もっとも、前4Qが利益率が低下していたわけなのですが、
利益率で見ても回復していることがわかり良かったですねという感じですね。




◆4Q累計(純利益)
9090_丸和運輸機関(17年3月期_4Q累計)純利益推移



◆4Q単計(純利益)
9090_丸和運輸機関(17年3月期_4Q単計)純利益推移


営業外損益や特別損益で積み増しがあるなどして
純利益ベースでは計画超過で、増益傾向もより強いですね。



(3)今期予想について

7%の増収、12%の営業増益、4%の純利益増益の予想です。

売上は前期実績がやや上振れしていたところからの
増収予想だったので、まぁ概ね10%成長位でいいんじゃないでしょうか。

利益面は営業利益が前期実績がやや未達というところからの
12%増益なのでやはりならすと10%程度かなという印象です。

純利益は前期実績が20%に近い増益率だったこともあり、
こちらもならすと10%程度ではないでしょうか。

3年期間(16.3~19.3)のCAGR正確には以下の通りです。
売上+9.2%、営業利益+13.0%、純利益+11.6%です。

ちなみに私の想定している期待成長率はCAGR8%ですから、
まぁこちらもいいガイダンスだと感じました。


(4)セグメントの状況


◆食品物流
新規開拓、既存深掘りと順調で24%の増収です。


◆医薬・医療物流
要するにマツキヨなどへのビジネスですが、
インバウンド落ち込みがあるものの、
改装やオムニチャネル対応などで横ばいを維持しているようです。

◆常温物流その他
既存の深堀りが進展し4.6%の増収と堅実です。

新規センタ開設のコストなどを負担しつつも原価削減も同時に行い、
物流全体では11.5%増収、12.2%の増益という内容です。
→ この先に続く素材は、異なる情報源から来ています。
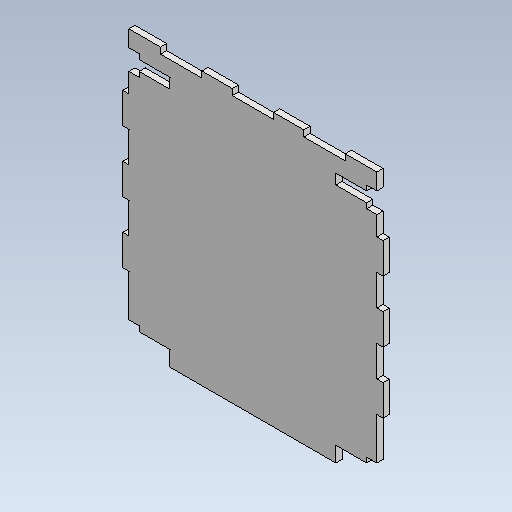
# Autodesk Inventor part: bed_acrylic_floor
Saved by Autodesk Inventor 2025 (Build 290162000, 162)
## iProperties
Created: 2025-08-24
Part Number: bed_acrylic_floor
Material: Generic
Document SubType Name: Modeling
Designer: HP
Density: 1 g/cm^3
Appearance: Default
Author: HP
Autodesk Inventor part; units mm, degrees
ref_plane "YZ Plane" through (0, 0, 0) normal (1, 0, 0) x (0, 1, 0)
ref_plane "XZ Plane" through (0, 0, 0) normal (0, 1, 0) x (-1, 0, 0)
ref_plane "XY Plane" through (0, 0, 0) normal (0, 0, 1) x (1, 0, 0)
sketch "Sketch1" plane through (0, 0, 0) normal (0, 0, 1) x (1, 0, 0)
  line L0 (-63.5, -66.5) -> (63.5, -66.5)
  line L1 (63.5, -66.5) -> (63.5, 66.5)
  line L2 (63.5, 66.5) -> (-63.5, 66.5)
  line L3 (-63.5, 66.5) -> (-63.5, -66.5)
  line L4 (-63.5, -66.5) -> (63.5, 66.5) construction
  line L5 (63.5, -66.5) -> (-63.5, 66.5) construction
  line L6 (-45.1, 66.5) -> (-24.9, 66.5)
  line L7 (-24.9, 66.5) -> (-24.9, 63.5)
  line L8 (-24.9, 63.5) -> (-45.1, 63.5)
  line L9 (-45.1, 63.5) -> (-45.1, 66.5)
  line L10 (-45.1, 66.5) -> (-24.9, 63.5) construction
  line L11 (-24.9, 66.5) -> (-45.1, 63.5) construction
  line L12 (-10.1, 66.5) -> (10.1, 66.5)
  line L13 (10.1, 66.5) -> (10.1, 63.5)
  line L14 (10.1, 63.5) -> (-10.1, 63.5)
  line L15 (-10.1, 63.5) -> (-10.1, 66.5)
  line L16 (-10.1, 66.5) -> (10.1, 63.5) construction
  line L17 (10.1, 66.5) -> (-10.1, 63.5) construction
  line L18 (24.9, 66.5) -> (45.1, 66.5)
  line L19 (45.1, 66.5) -> (45.1, 63.5)
  line L20 (45.1, 63.5) -> (24.9, 63.5)
  line L21 (24.9, 63.5) -> (24.9, 66.5)
  line L22 (24.9, 66.5) -> (45.1, 63.5) construction
  line L23 (45.1, 66.5) -> (24.9, 63.5) construction
  line L24 (-63.5, 39) -> (-60.5, 39)
  line L25 (-60.5, 39) -> (-60.5, 24) construction
  line L26 (-60.5, 24) -> (-63.5, 24)
  line L27 (-63.5, 24) -> (-63.5, 39)
  line L28 (-63.5, 39) -> (-60.5, 24) construction
  line L29 (-60.5, 39) -> (-63.5, 24) construction
  line L30 (-63.5, 9) -> (-60.5, 9)
  line L31 (-60.5, 9) -> (-60.5, -6) construction
  line L32 (-60.5, -6) -> (-63.5, -6)
  line L33 (-63.5, -6) -> (-63.5, 9)
  line L34 (-63.5, 9) -> (-60.5, -6) construction
  line L35 (-60.5, 9) -> (-63.5, -6) construction
  line L36 (-63.5, -21) -> (-60.5, -21)
  line L37 (-60.5, -21) -> (-60.5, -36) construction
  line L38 (-60.5, -36) -> (-63.5, -36)
  line L39 (-63.5, -36) -> (-63.5, -21)
  line L40 (-63.5, -21) -> (-60.5, -36) construction
  line L41 (-60.5, -21) -> (-63.5, -36) construction
  line L42 (-60.5, 39) -> (-60.5, 66.5)
  line L43 (-60.5, 24) -> (-60.5, 9)
  line L44 (-60.5, -6) -> (-60.5, -21)
  line L45 (-60.5, 51) -> (-40.5, 51)
  line L46 (-40.5, 51) -> (-40.5, 56)
  line L47 (-40.5, 56) -> (-60.5, 56)
  line L48 (-60.5, 56) -> (-60.5, 51)
  line L49 (-60.5, 51) -> (-40.5, 56) construction
  line L50 (-40.5, 51) -> (-60.5, 56) construction
  line L51 (-60.5, -64) -> (-40.5, -64)
  line L52 (-40.5, -66.5) -> (-40.5, -59)
  line L53 (-40.5, -59) -> (-60.5, -59)
  line L54 (-60.5, -59) -> (-60.5, -64)
  line L55 (-60.5, -64) -> (-40.5, -59) construction
  line L56 (-40.5, -64) -> (-60.5, -59) construction
  line L57 (-60.5, 48.5) -> (-55.5, 48.5)
  line L58 (-55.5, 48.5) -> (-55.5, 58.5)
  line L59 (-55.5, 58.5) -> (-60.5, 58.5)
  line L60 (-60.5, 58.5) -> (-60.5, 48.5)
  line L61 (-60.5, 48.5) -> (-55.5, 58.5) construction
  line L62 (-55.5, 48.5) -> (-60.5, 58.5) construction
  line L63 (-60.5, -66.5) -> (-55.5, -66.5)
  line L64 (-55.5, -66.5) -> (-55.5, -56.5)
  line L65 (-55.5, -56.5) -> (-60.5, -56.5)
  line L66 (-60.5, -56.5) -> (-60.5, -66.5)
  line L67 (-60.5, -66.5) -> (-55.5, -56.5) construction
  line L68 (-55.5, -66.5) -> (-60.5, -56.5) construction
  line L69 (-60.5, -36) -> (-60.5, -66.5)
  point P0 (0, 0)
  point P1 (-35, 65)
  point P2 (0, 65)
  point P3 (35, 65)
  point P4 (0, 66.5)
  point P5 (-62, 31.5)
  point P6 (-62, 1.5)
  point P7 (-62, -28.5)
  point P8 (45.1, 66.5)
  point P9 (24.9, 66.5)
  point P10 (10.1, 66.5)
  point P11 (-63.5, -36)
  point P12 (-63.5, -6)
  point P13 (-63.5, 9)
  point P14 (-63.5, 39)
  point P15 (-50.5, 53.5)
  point P16 (-50.5, -61.5)
  point P17 (-60.5, 56)
  point P18 (-60.5, 51)
  point P19 (-58, 53.5)
  point P20 (-40.5, 53.5)
  point P21 (-58, -61.5)
  point P22 (-55.5, 56)
  point P23 (-55.5, 51)
  point P24 (-55.5, -59)
  point P25 (-55.5, -64)
  dimension "d0" = 127
  dimension "d1" = 133
  dimension "d2" = 3
  dimension "d3" = 20.2
  dimension "d5" = 3
  dimension "d6" = 20.2
  dimension "d9" = 3
  dimension "d10" = 20.2
  dimension "d13" = 35
  dimension "d14" = 35
  dimension "d15" = 15
  dimension "d16" = 3
  dimension "d17" = 15
  dimension "d18" = 3
  dimension "d19" = 15
  dimension "d20" = 3
  dimension "d21" = 30
  dimension "d22" = 30
  dimension "d23" = 35
  dimension "d31" = 5
  dimension "d32" = 20
  dimension "d33" = 5
  dimension "d34" = 20
  dimension "d35" = 5
  dimension "d36" = 13
  dimension "d37" = 5
  dimension "d38" = 10
  dimension "d39" = 5
  dimension "d40" = 10
  constraints: 140 end point, 24 midpoint, 22 parallel, 13 perpendicular, 11 horizontal, 10 collinear, 4 point on line, 2 horizontal alignment, 1 vertical alignment
  measures "d0" distance of L2.end L1.end
  measures "d1" distance between parallel lines of L0 L2
  measures "d2" distance between parallel lines of L8 L6
  measures "d3" distance between parallel lines of L7 L9
  measures "d5" distance between parallel lines of L14 L12
  measures "d6" distance between parallel lines of L13 L15
  measures "d9" distance between parallel lines of L20 L18
  measures "d10" distance between parallel lines of L19 L21
  measures "d13" distance of point (0, 65) point (-35, 65)
  measures "d14" distance of point (35, 65) point (0, 65)
  measures "d15" distance between parallel lines of L26 L24
  measures "d16" distance between parallel lines of L25 L27
  measures "d17" distance between parallel lines of L32 L30
  measures "d18" distance between parallel lines of L31 L33
  measures "d19" distance between parallel lines of L38 L36
  measures "d20" distance between parallel lines of L37 L39
  measures "d21" distance of point (-62, 1.5) point (-62, 31.5)
  measures "d22" distance of point (-62, -28.5) point (-62, 1.5)
  measures "d23" distance from line of L2 point (-62, 31.5)
  measures "d31" distance between parallel lines of L45 L47
  measures "d32" distance between parallel lines of L46 L48
  measures "d33" distance between parallel lines of L51 L53
  measures "d34" distance between parallel lines of L52 L54
  measures "d35" distance from line of L0 point (-50.5, -61.5)
  measures "d36" distance from line of L2 point (-50.5, 53.5)
  measures "d37" distance of L59.end L58.end
  measures "d38" distance of L58.end L57.end
  measures "d39" distance between parallel lines of L64 L66
  measures "d40" distance between parallel lines of L63 L65
extrude "Extrusion1" add sketch "Sketch1" along normal blind 3 contours L3 L38 L69 L66 L54 L0 | L66 L51 L64 L0 | L3 L36 L44 L32 L30 L43 L26 L24 L42 L57 L58 L45 L46 L47 L59 L2 L9 L8 L7 L15 L14 L13 L21 L20 L19 L1 L0 L52 L53 L64 L65 L69 L38 | L64 L51 L52 L0 | L54 L53 L64 L51 | L3 L32 L44 L36 | L64 L53 L52 L51 | L66 L65 L64 L53 | L3 L26 L43 L30 | L3 L2 L42 L24 | L42 L45 L58 L57 | L59 L58 L47 L42 | L42 L47 L58 L45 | L58 L47 L46 L45
extrude "Extrusion2" cut sketch "Sketch1" along normal through all contours L3 L38 L69 L66 L54 L0 | L66 L51 L64 L0 | L64 L51 L52 L0 | L54 L53 L64 L51 | L3 L32 L44 L36 | L64 L53 L52 L51 | L66 L65 L64 L53 | L3 L26 L43 L30 | L3 L2 L42 L24 | L42 L45 L58 L57 | L59 L58 L47 L42 | L42 L47 L58 L45 | L58 L47 L46 L45
mirror "Mirror1" about plane through (0, 0, 0) normal (1, 0, 0) of "Extrusion2"
equation "\"d5\" = d2"
equation "\"d6\" = d3"
equation "\"d9\" = d2"
equation "\"d10\" = d11"
equation "\"d14\" = d13"
equation "\"d16\" = d2"
equation "\"d17\" = d15"
equation "\"d18\" = d16"
equation "\"d19\" = d17"
equation "\"d20\" = d18"
equation "\"d22\" = d21"
equation "\"d33\" = d31"
equation "\"d34\" = d32"
equation "\"d11\" = 20.2"
body "Solid1"
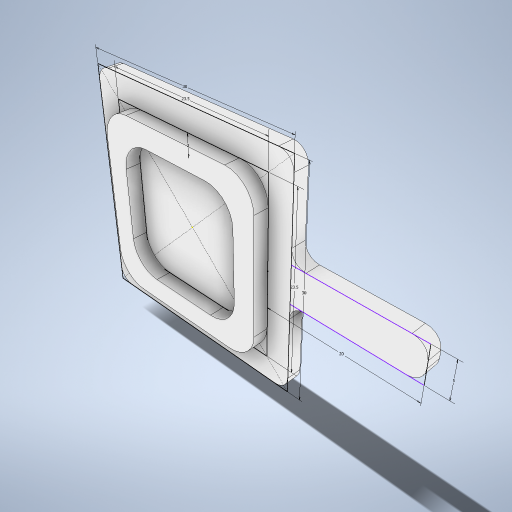
# Autodesk Inventor part: DustCover
Saved by Autodesk Inventor 2023 (Build 270158000, 158)
## iProperties
Created: 2022-10-01
Part Number: DustCover
Material: ABS Plastic
Document SubType Name: Modeling
Designer: Miner
Density: 1.06 g/cm^3
Appearance: Smooth - White
Author: Miner
Autodesk Inventor part; units mm, degrees
ref_plane "YZ Plane" through (0, 0, 0) normal (1, 0, 0) x (0, 1, 0)
ref_plane "XZ Plane" through (0, 0, 0) normal (0, 1, 0) x (-1, 0, 0)
ref_plane "XY Plane" through (0, 0, 0) normal (0, 0, 1) x (1, 0, 0)
sketch "Sketch1" plane through (0, 0, 0) normal (0, 0, 1) x (1, 0, 0)
  line L0 (-15, -15) -> (15, -15)
  line L1 (15, -15) -> (15, 15)
  line L2 (15, 15) -> (-15, 15)
  line L3 (-15, 15) -> (-15, -15)
  line L4 (-15, -15) -> (15, 15) construction
  line L5 (15, -15) -> (-15, 15) construction
  line L6 (-11.75, -11.75) -> (11.75, -11.75)
  line L7 (11.75, -11.75) -> (11.75, 11.75)
  line L8 (11.75, 11.75) -> (-11.75, 11.75)
  line L9 (-11.75, 11.75) -> (-11.75, -11.75)
  line L10 (-11.75, -11.75) -> (11.75, 11.75) construction
  line L11 (11.75, -11.75) -> (-11.75, 11.75) construction
  line L12 (-8.75, 8.75) -> (8.75, 8.75)
  line L13 (8.75, 8.75) -> (8.75, -8.75)
  line L14 (8.75, -8.75) -> (-8.75, -8.75)
  line L15 (-8.75, -8.75) -> (-8.75, 8.75)
  line L16 (15, -2.5) -> (31.75, -2.5)
  line L17 (31.75, -2.5) -> (31.75, 2.5)
  line L18 (31.75, 2.5) -> (15, 2.5)
  line L19 (15, 2.5) -> (15, -2.5)
  point P0 (0, 0)
  point P1 (11.75, 0)
  dimension "d0" = 30
  dimension "d1" = 30
  dimension "d2" = 23.5
  dimension "d3" = 23.5
  dimension "d4" = 3
  dimension "d10" = 5
  dimension "d12" = 20
  constraints: 40 end point, 8 parallel, 5 midpoint, 5 perpendicular, 2 horizontal, 1 point on line, 3 other
  measures "d0" distance of L2.end L1.end
  measures "d1" distance of L1.end L0.end
  measures "d2" distance of L8.end L7.end
  measures "d3" distance of L7.end L6.end
  measures "d4" distance between parallel lines of L8 L12
  measures "d10" distance of L17.end L16.end
  measures "d12" distance from line of point (11.75, 0) L17
extrude "Extrusion2" add sketch "Sketch1" against normal blind 2 contours L3 L2 L1 L0 | L9 L8 L7 L6 | L12 L13 L14 L15
extrude "Extrusion3" add sketch "Sketch1" against normal blind 2 contours L1 L18 L17 L16
fillet "Fillet2" radius 2 4 edges at (-15, -15, -1) (-15, 15, -1) (15, -15, -1) (15, 15, -1)
fillet "Fillet3" radius 2 4 edges at (31.75, -2.5, -1) (31.75, 2.5, -1) (15, 2.5, -1) (15, -2.5, -1)
extrude "Extrusion4" add sketch "Sketch1" along normal blind 2 contours L9 L8 L7 L6
fillet "Fillet4" radius 4 8 edges at (11.75, 11.75, 1) (11.75, -11.75, 1) (-11.75, -11.75, 1) (-11.75, 11.75, 1) (8.75, 8.75, 1) (-8.75, 8.75, 1) (-8.75, -8.75, 1) (8.75, -8.75, 1)
body "Solid1"

問題ないですね。

◆その他
文書管理事業は新たな獲得は難しいようで、
現規模の中でコストコントロールを行い減収増益ですが、
ここはもうこの程度で落ち着くのかなという印象です。
新たに公共機関などから受託があれば、おまけ的な位置づけと理解しています。




3.IR照会

特に実施していません。
株主総会に向けて質問事項を整理しておきたいです。



4.株価推移

株価の動向ですが、想定PERを元に仮想株価を引いた表は以下の通りです。

9090_丸和運輸機関(17年3月期_4Q)株価推移

物流業界は低PERなのですが、
このチャート上はPER10倍~20倍のレンジで想定した株価推移を
プロットしています。
上場してから前々期の本決算まではPER1桁台でしたが、
配当による還元が高まり、東証1部へ昇格してから
評価PERが10倍台が定着してきました。
但し、PER20倍を超えるとさすがに行き過ぎといった構造も
何となく見えて来ます。
現在PER15倍近傍から再び高値を目指す動きになっていますね。



目標株価ですが、19.3期EPS215で評価PER16倍で3400円としていました。
今回、進行期が進んだことにより見直します。

今後のCAGRは8%は今後も見直しません。
ここ3期を平均すると10%を超えていることは、
前述の通りですが、今後のマツキヨのインバウンドや改装による
押上げ効果はだいぶ落ち着いてくるものと思われますし、
戦略投資のスーパー向けも急増という印象はありません。

18.3期予想EPS200.65に対して8%成長と見ると、20.3期予想は234です。
19.3期EPS予想は215でしたから概ねそのトレンドの延長戦という見立てです。
ここに従来の評価PER16倍を乗算すると目標株価は3744円になります。
というわけで、新たな目標株価はキリのいい数字で3800円とします。


・想定EPS(20.3期)
200.65×1.08×1.08≒234
・評価PER
16倍
・目標株価(20.3期想定)
234×16≒3800円 →時価総額想定 約444億(現状610億)



5.さいごに

同社の決算開示後、速やかにIRページの社長メッセージが更新されます。
今回も即座に決算について和佐見社長のコメント文が掲載されています。

短信の一部抜粋をしているような印象も受けますが、
せっかくなのでもう少し形式に縛られないで、
和佐見社長らしいトーンでのコメントだとより嬉しいですね。